5. The information processing system according to claim 1, wherein the processor is configured to perform control such that any one light emitting region of the plurality of light emitting regions and light emitting regions adjacent to the one light emitting region at opposite sides thereof sequentially emit light if the target is detected in the one light emitting region and the distance to the optical sensor subsequently becomes shorter than when the target is detected in the one light emitting region.

6. The information processing system according to claim 5, wherein the processor is configured to perform control such that the plurality of light emitting regions sequentially emit light in accordance with the light emission sequence in which adjacent light emitting regions do not successively emit light if the distance to the optical sensor becomes longer while the one light emitting region and the light emitting regions adjacent to the one light emitting region at the opposite sides thereof are sequentially emitting the light.

7. The information processing system according to claim 5, wherein the processor is configured to perform control such that the plurality of light emitting regions sequentially emit light in accordance with the light emission sequence in which adjacent light emitting regions do not successively emit light if the distance to the optical sensor does not change for a predetermined time period or longer while the one light emitting region and the light emitting regions adjacent to the one light emitting region at the opposite sides thereof are sequentially emitting the light.

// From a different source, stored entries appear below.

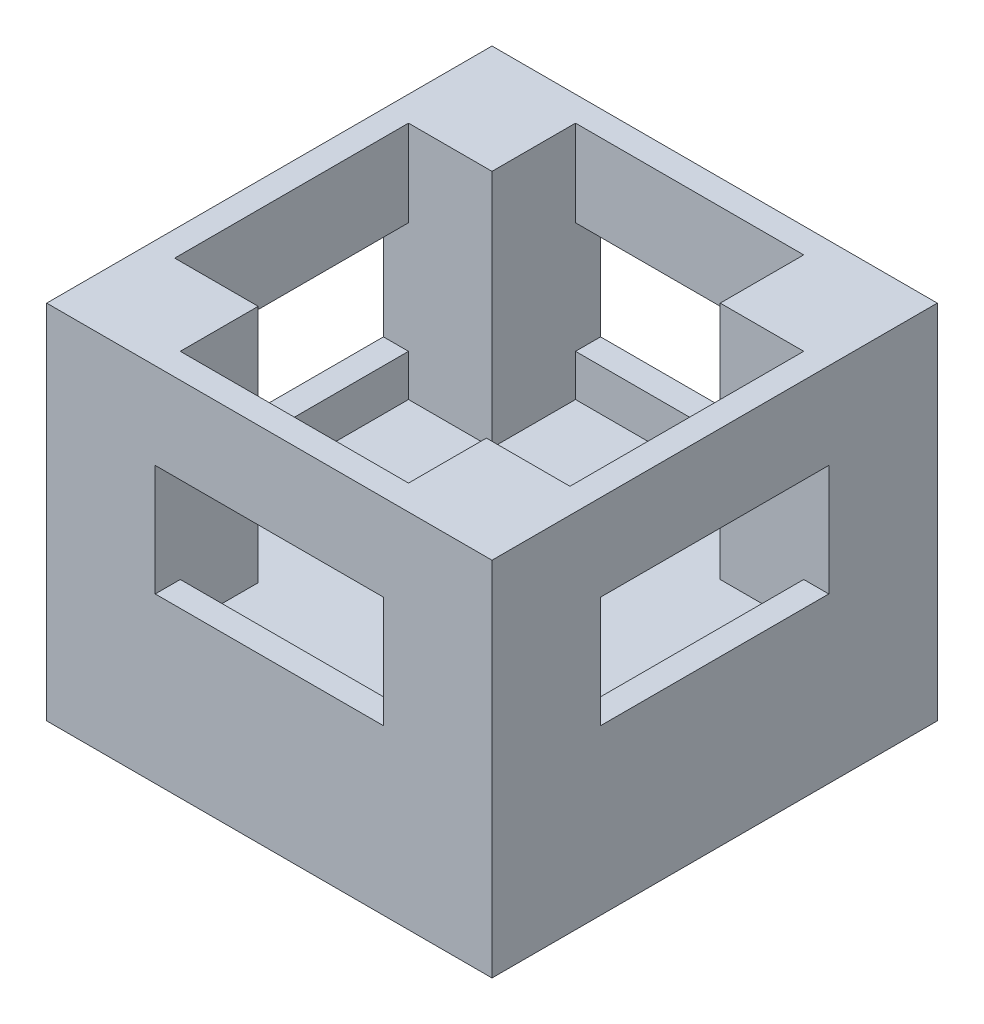
from build123d import *

# Parameters (mm, degrees)
SKETCH1_W           = 10.16
SKETCH1_H           = 10.16
BOSS_EXTRUDE1_DEPTH = 8.255
SKETCH2_W           = 3.556
SKETCH2_H           = 2.54
CUT_EXTRUDE3_DEPTH  = 10.16
CUT_EXTRUDE4_START  = -0.5715
SKETCH4_W           = 5.207
SKETCH4_H           = 5.461
CUT_EXTRUDE4_DEPTH  = 9.017
CUT_EXTRUDE5_START  = -0.5715
SKETCH5_W           = 5.334
SKETCH5_H           = 5.461
CUT_EXTRUDE5_DEPTH  = 9.017
SKETCH6_W           = 3.556
SKETCH6_H           = 2.54
CUT_EXTRUDE6_DEPTH  = 10.16
SKETCH7_W           = 5.207
SKETCH7_H           = 2.54
CUT_EXTRUDE7_DEPTH  = 10.16
SKETCH8_W           = 5.207
SKETCH8_H           = 2.54
CUT_EXTRUDE8_DEPTH  = 10.16


with BuildPart() as part:
    # Sketch1 → Boss-Extrude1 (new body)
    with BuildSketch(Plane(origin=(0, 0, 0), x_dir=(1, 0, 0), z_dir=(0, 1, 0))):
        with Locations((5.08, 5.08)):
            Rectangle(SKETCH1_W, SKETCH1_H)
    extrude(amount=BOSS_EXTRUDE1_DEPTH)

    # Sketch2 → Cut-Extrude3 (cut)
    with BuildSketch(Plane.XY):
        with Locations((5.08, 5.0165)):
            Rectangle(SKETCH2_W, SKETCH2_H)
    extrude(amount=-CUT_EXTRUDE3_DEPTH, mode=Mode.SUBTRACT)

    # Sketch4 → Cut-Extrude4 (cut)
    with BuildSketch(Plane.XY.offset(CUT_EXTRUDE4_START)):
        with Locations((5.08, 5.5245)):
            Rectangle(SKETCH4_W, SKETCH4_H)
    extrude(amount=-CUT_EXTRUDE4_DEPTH, mode=Mode.SUBTRACT)

    # Sketch5 → Cut-Extrude5 (cut)
    with BuildSketch(Plane(origin=(10.16, 0, 0), x_dir=(0, 0, -1), z_dir=(1, 0, 0)).offset(CUT_EXTRUDE5_START)):
        with Locations((5.0165, 5.5245)):
            Rectangle(SKETCH5_W, SKETCH5_H)
    extrude(amount=-CUT_EXTRUDE5_DEPTH, mode=Mode.SUBTRACT)

    # Sketch6 → Cut-Extrude6 (cut)
    with BuildSketch(Plane(origin=(10.16, 0, 0), x_dir=(0, 0, -1), z_dir=(1, 0, 0))):
        with Locations((5.08, 5.0165)):
            Rectangle(SKETCH6_W, SKETCH6_H)
    extrude(amount=-CUT_EXTRUDE6_DEPTH, mode=Mode.SUBTRACT)

    # Sketch7 → Cut-Extrude7 (cut)
    with BuildSketch(Plane.XY):
        with Locations((5.08, 5.0165)):
            Rectangle(SKETCH7_W, SKETCH7_H)
    extrude(amount=-CUT_EXTRUDE7_DEPTH, mode=Mode.SUBTRACT)

    # Sketch8 → Cut-Extrude8 (cut)
    with BuildSketch(Plane(origin=(10.16, 0, 0), x_dir=(0, 0, -1), z_dir=(1, 0, 0))):
        with Locations((5.08, 5.0165)):
            Rectangle(SKETCH8_W, SKETCH8_H)
    extrude(amount=-CUT_EXTRUDE8_DEPTH, mode=Mode.SUBTRACT)


solid = part.part
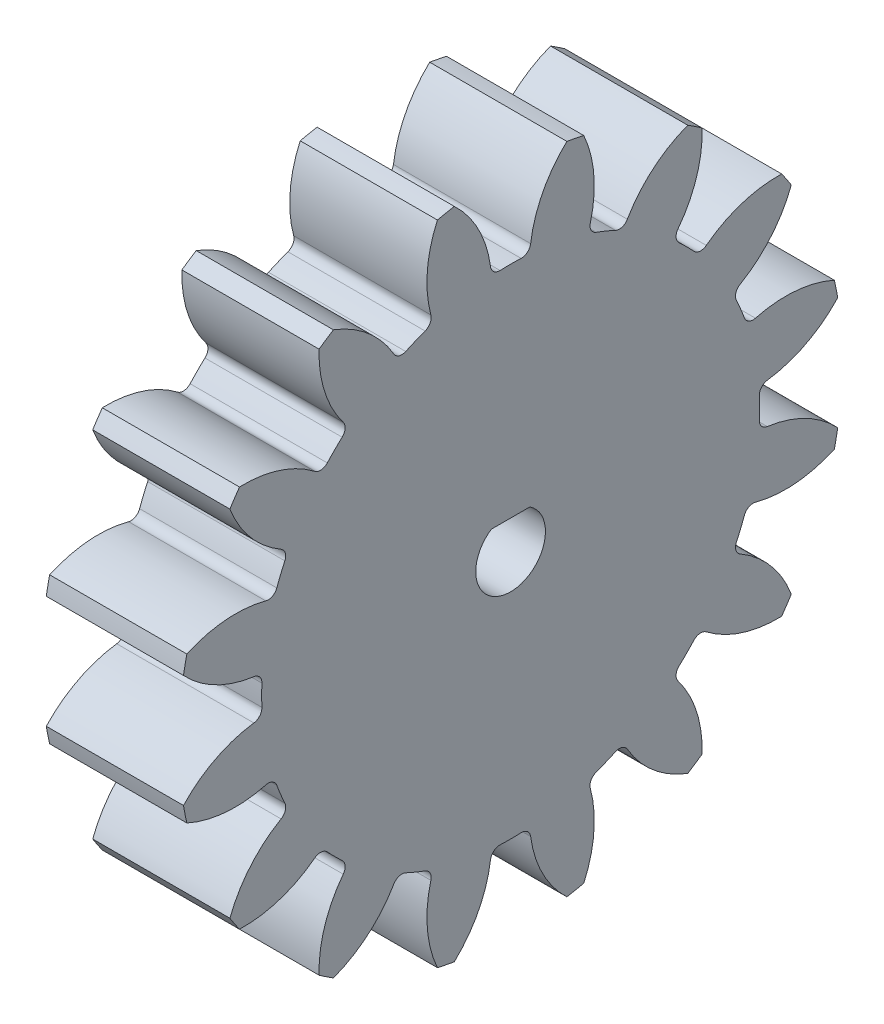
from build123d import *

# Parameters (mm, degrees)
BASPROSKE_W                = 11.811
BASPROSKE_H                = 28.575
TOOTHCUT_DEPTH             = 43.101792967
ROOTFILLETS_R              = 0.79502
TEETHCUTS_COUNT            = 16
TEETHCUTS_ANGLE            = 337.5
ROOTFILLETS_OF_TEETHCUTS_R = 0.79502
BORSKE_R                   = 0.396875
BORE_DEPTH                 = 50.8000508
CUT_EXTRUDE1_DEPTH         = 42.540449667


with BuildPart() as part:
    # BasProSke → Base-Revolve (revolve)
    with BuildSketch(Plane(origin=(0, 0, 0), x_dir=(1, 0, 0), z_dir=(0, 1, 0)), mode=Mode.PRIVATE) as base_revolve_sk:
        with Locations((5.9055, 14.2875)):
            Rectangle(BASPROSKE_W, BASPROSKE_H)
    revolve(base_revolve_sk.sketch.rotate(Axis((-10, 0, 0), (1, 0, 0)), 180), axis=Axis((-10, 0, 0), (1, 0, 0)))

    # TooCutSke → ToothCut (cut, through all)
    with BuildSketch(Plane(origin=(0, 0, 0), x_dir=(0, 0, -1), z_dir=(1, 0, 0))):
        with BuildLine():
            ThreePointArc((1.653773222, 21.366073035), (0, 21.42998), (-1.653773222, 21.366073035))
            ThreePointArc((-1.653773222, 21.366073035), (-2.605634946, 25.083646688), (-4.868483936, 28.182986789))
            ThreePointArc((-4.868483936, 28.182986789), (0, 28.6004), (4.868483936, 28.182986789))
            ThreePointArc((4.868483936, 28.182986789), (2.605634946, 25.083646688), (1.653773222, 21.366073035))
        make_face()
    toothcut = extrude(amount=TOOTHCUT_DEPTH, mode=Mode.SUBTRACT)

    # RootFillets
    rootfillets_edges = [part.edges().sort_by_distance(p)[0] for p in [
        (5.9055, 21.366073035, -1.653773222),
        (5.9055, 21.366073035, 1.653773222),
    ]]
    fillet(rootfillets_edges, radius=ROOTFILLETS_R)

    # TeethCuts: ToothCut ×16 about axis
    teethcuts_axis = Axis((-10, 0, 0), (1, 0, 0))
    for i in range(1, TEETHCUTS_COUNT):
        add(toothcut.rotate(teethcuts_axis, i * TEETHCUTS_ANGLE / (TEETHCUTS_COUNT - 1)), mode=Mode.SUBTRACT)

    # RootFillets of TeethCuts
    rootfillets_of_teethcuts_edges = [part.edges().sort_by_distance(p)[0] for p in [
        (5.9055, 20.37254918, 6.648554933),
        (5.9055, 19.106805954, 9.704329397),
        (5.9055, 16.27748939, 13.93870087),
        (5.9055, 13.93870087, 16.27748939),
        (5.9055, 9.704329397, 19.106805954),
        (5.9055, 6.648554933, 20.37254918),
        (5.9055, 1.653773222, 21.366073035),
        (5.9055, -1.653773222, 21.366073035),
        (5.9055, -6.648554933, 20.37254918),
        (5.9055, -9.704329397, 19.106805954),
        (5.9055, -13.93870087, 16.27748939),
        (5.9055, -16.27748939, 13.93870087),
        (5.9055, -19.106805954, 9.704329397),
        (5.9055, -20.37254918, 6.648554933),
        (5.9055, -21.366073035, 1.653773222),
        (5.9055, -21.366073035, -1.653773222),
        (5.9055, -20.37254918, -6.648554933),
        (5.9055, -19.106805954, -9.704329397),
        (5.9055, -16.27748939, -13.93870087),
        (5.9055, -13.93870087, -16.27748939),
        (5.9055, -9.704329397, -19.106805954),
        (5.9055, -6.648554933, -20.37254918),
        (5.9055, -1.653773222, -21.366073035),
        (5.9055, 1.653773222, -21.366073035),
        (5.9055, 6.648554933, -20.37254918),
        (5.9055, 9.704329397, -19.106805954),
        (5.9055, 13.93870087, -16.27748939),
        (5.9055, 16.27748939, -13.93870087),
        (5.9055, 19.106805954, -9.704329397),
        (5.9055, 20.37254918, -6.648554933),
    ]]
    fillet(rootfillets_of_teethcuts_edges, radius=ROOTFILLETS_OF_TEETHCUTS_R)

    # BorSke → Bore (cut, symmetric)
    with BuildSketch(Plane(origin=(0, 0, 0), x_dir=(0, 0, -1), z_dir=(1, 0, 0))):
        with Locations(Location((0, 0, 0), (0, 0, 180))):
            Circle(BORSKE_R)
    extrude(amount=BORE_DEPTH, both=True, mode=Mode.SUBTRACT)

    # Sketch1 → Cut-Extrude1 (cut, through all)
    with BuildSketch(Plane(origin=(11.811, 0, 0), x_dir=(0, 0, -1), z_dir=(1, 0, 0))):
        with BuildLine():
            Line((-1.658312395, 2.5), (1.658312395, 2.5))
            ThreePointArc((1.658312395, 2.5), (0, -3), (-1.658312395, 2.5))
        make_face()
    extrude(amount=-CUT_EXTRUDE1_DEPTH, mode=Mode.SUBTRACT)


solid = part.part
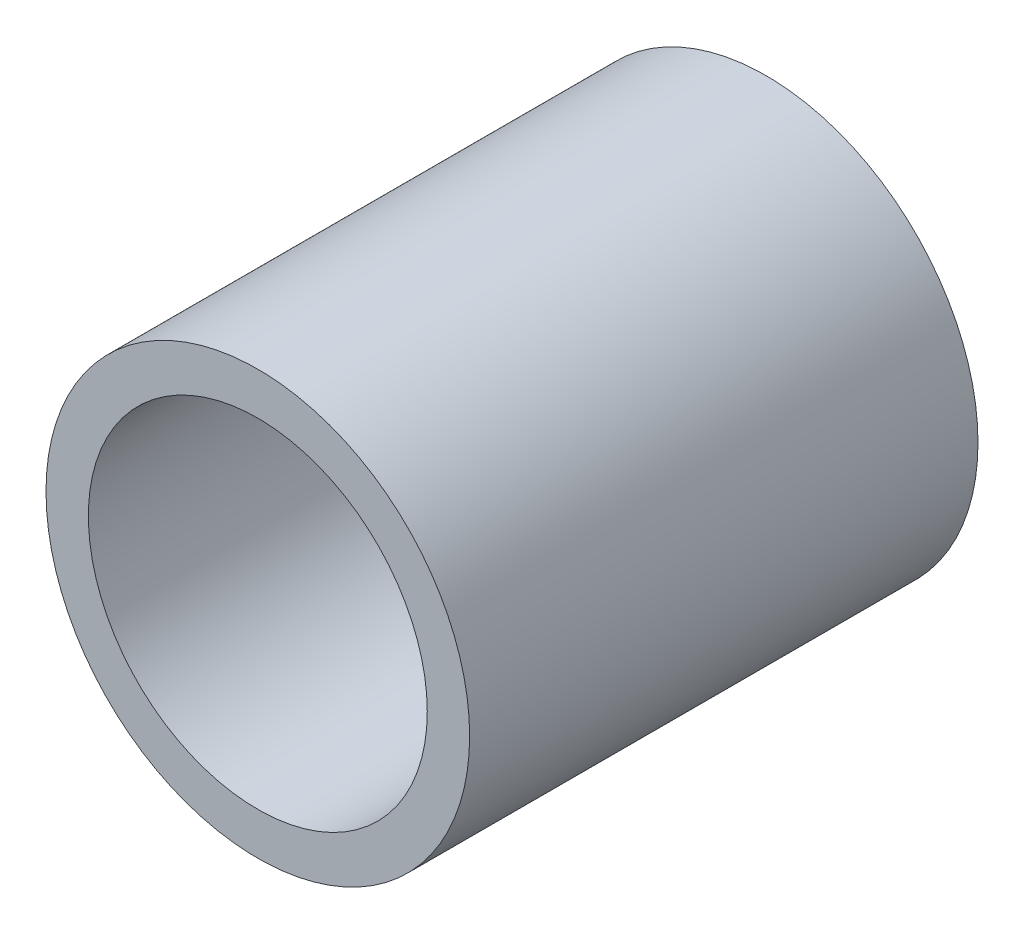
from build123d import *

# Parameters (mm, degrees)
SKETCH1_R           = 0.125
SKETCH1_R_2         = 0.1
BOSS_EXTRUDE1_DEPTH = 0.3


with BuildPart() as part:
    # Sketch1 → Boss-Extrude1 (new body)
    with BuildSketch(Plane.XY):
        Circle(SKETCH1_R)
        Circle(SKETCH1_R_2, mode=Mode.SUBTRACT)
    extrude(amount=BOSS_EXTRUDE1_DEPTH)


solid = part.part

8. A non-transitory computer readable medium storing a program causing a computer to execute a process, the process comprising: causing an optical sensor that has a plurality of light emitting regions capable of emitting light independently to emit light from at least one light emitting region of the plurality of light emitting regions to radiate the light onto a detection range split into a plurality of regions, and detecting a distance to a target within the detection range for each region of the detection range by receiving light reflected from the target; andcontrolling the optical sensor such that the plurality of light emitting regions sequentially emit light in accordance with a light emission sequence in which adjacent light emitting regions do not successively emit light if the target is not detected within the detection range.

9. An information processing method comprising: causing an optical sensor that has a plurality of light emitting regions capable of emitting light independently to emit light from at least one light emitting region of the plurality of light emitting regions to radiate the light onto a detection range split into a plurality of regions, and detecting a distance to a target within the detection range for each region of the detection range by receiving light reflected from the target; andcontrolling the optical sensor such that the plurality of light emitting regions sequentially emit light in accordance with a light emission sequence in which adjacent light emitting regions do not successively emit light if the target is not detected within the detection range.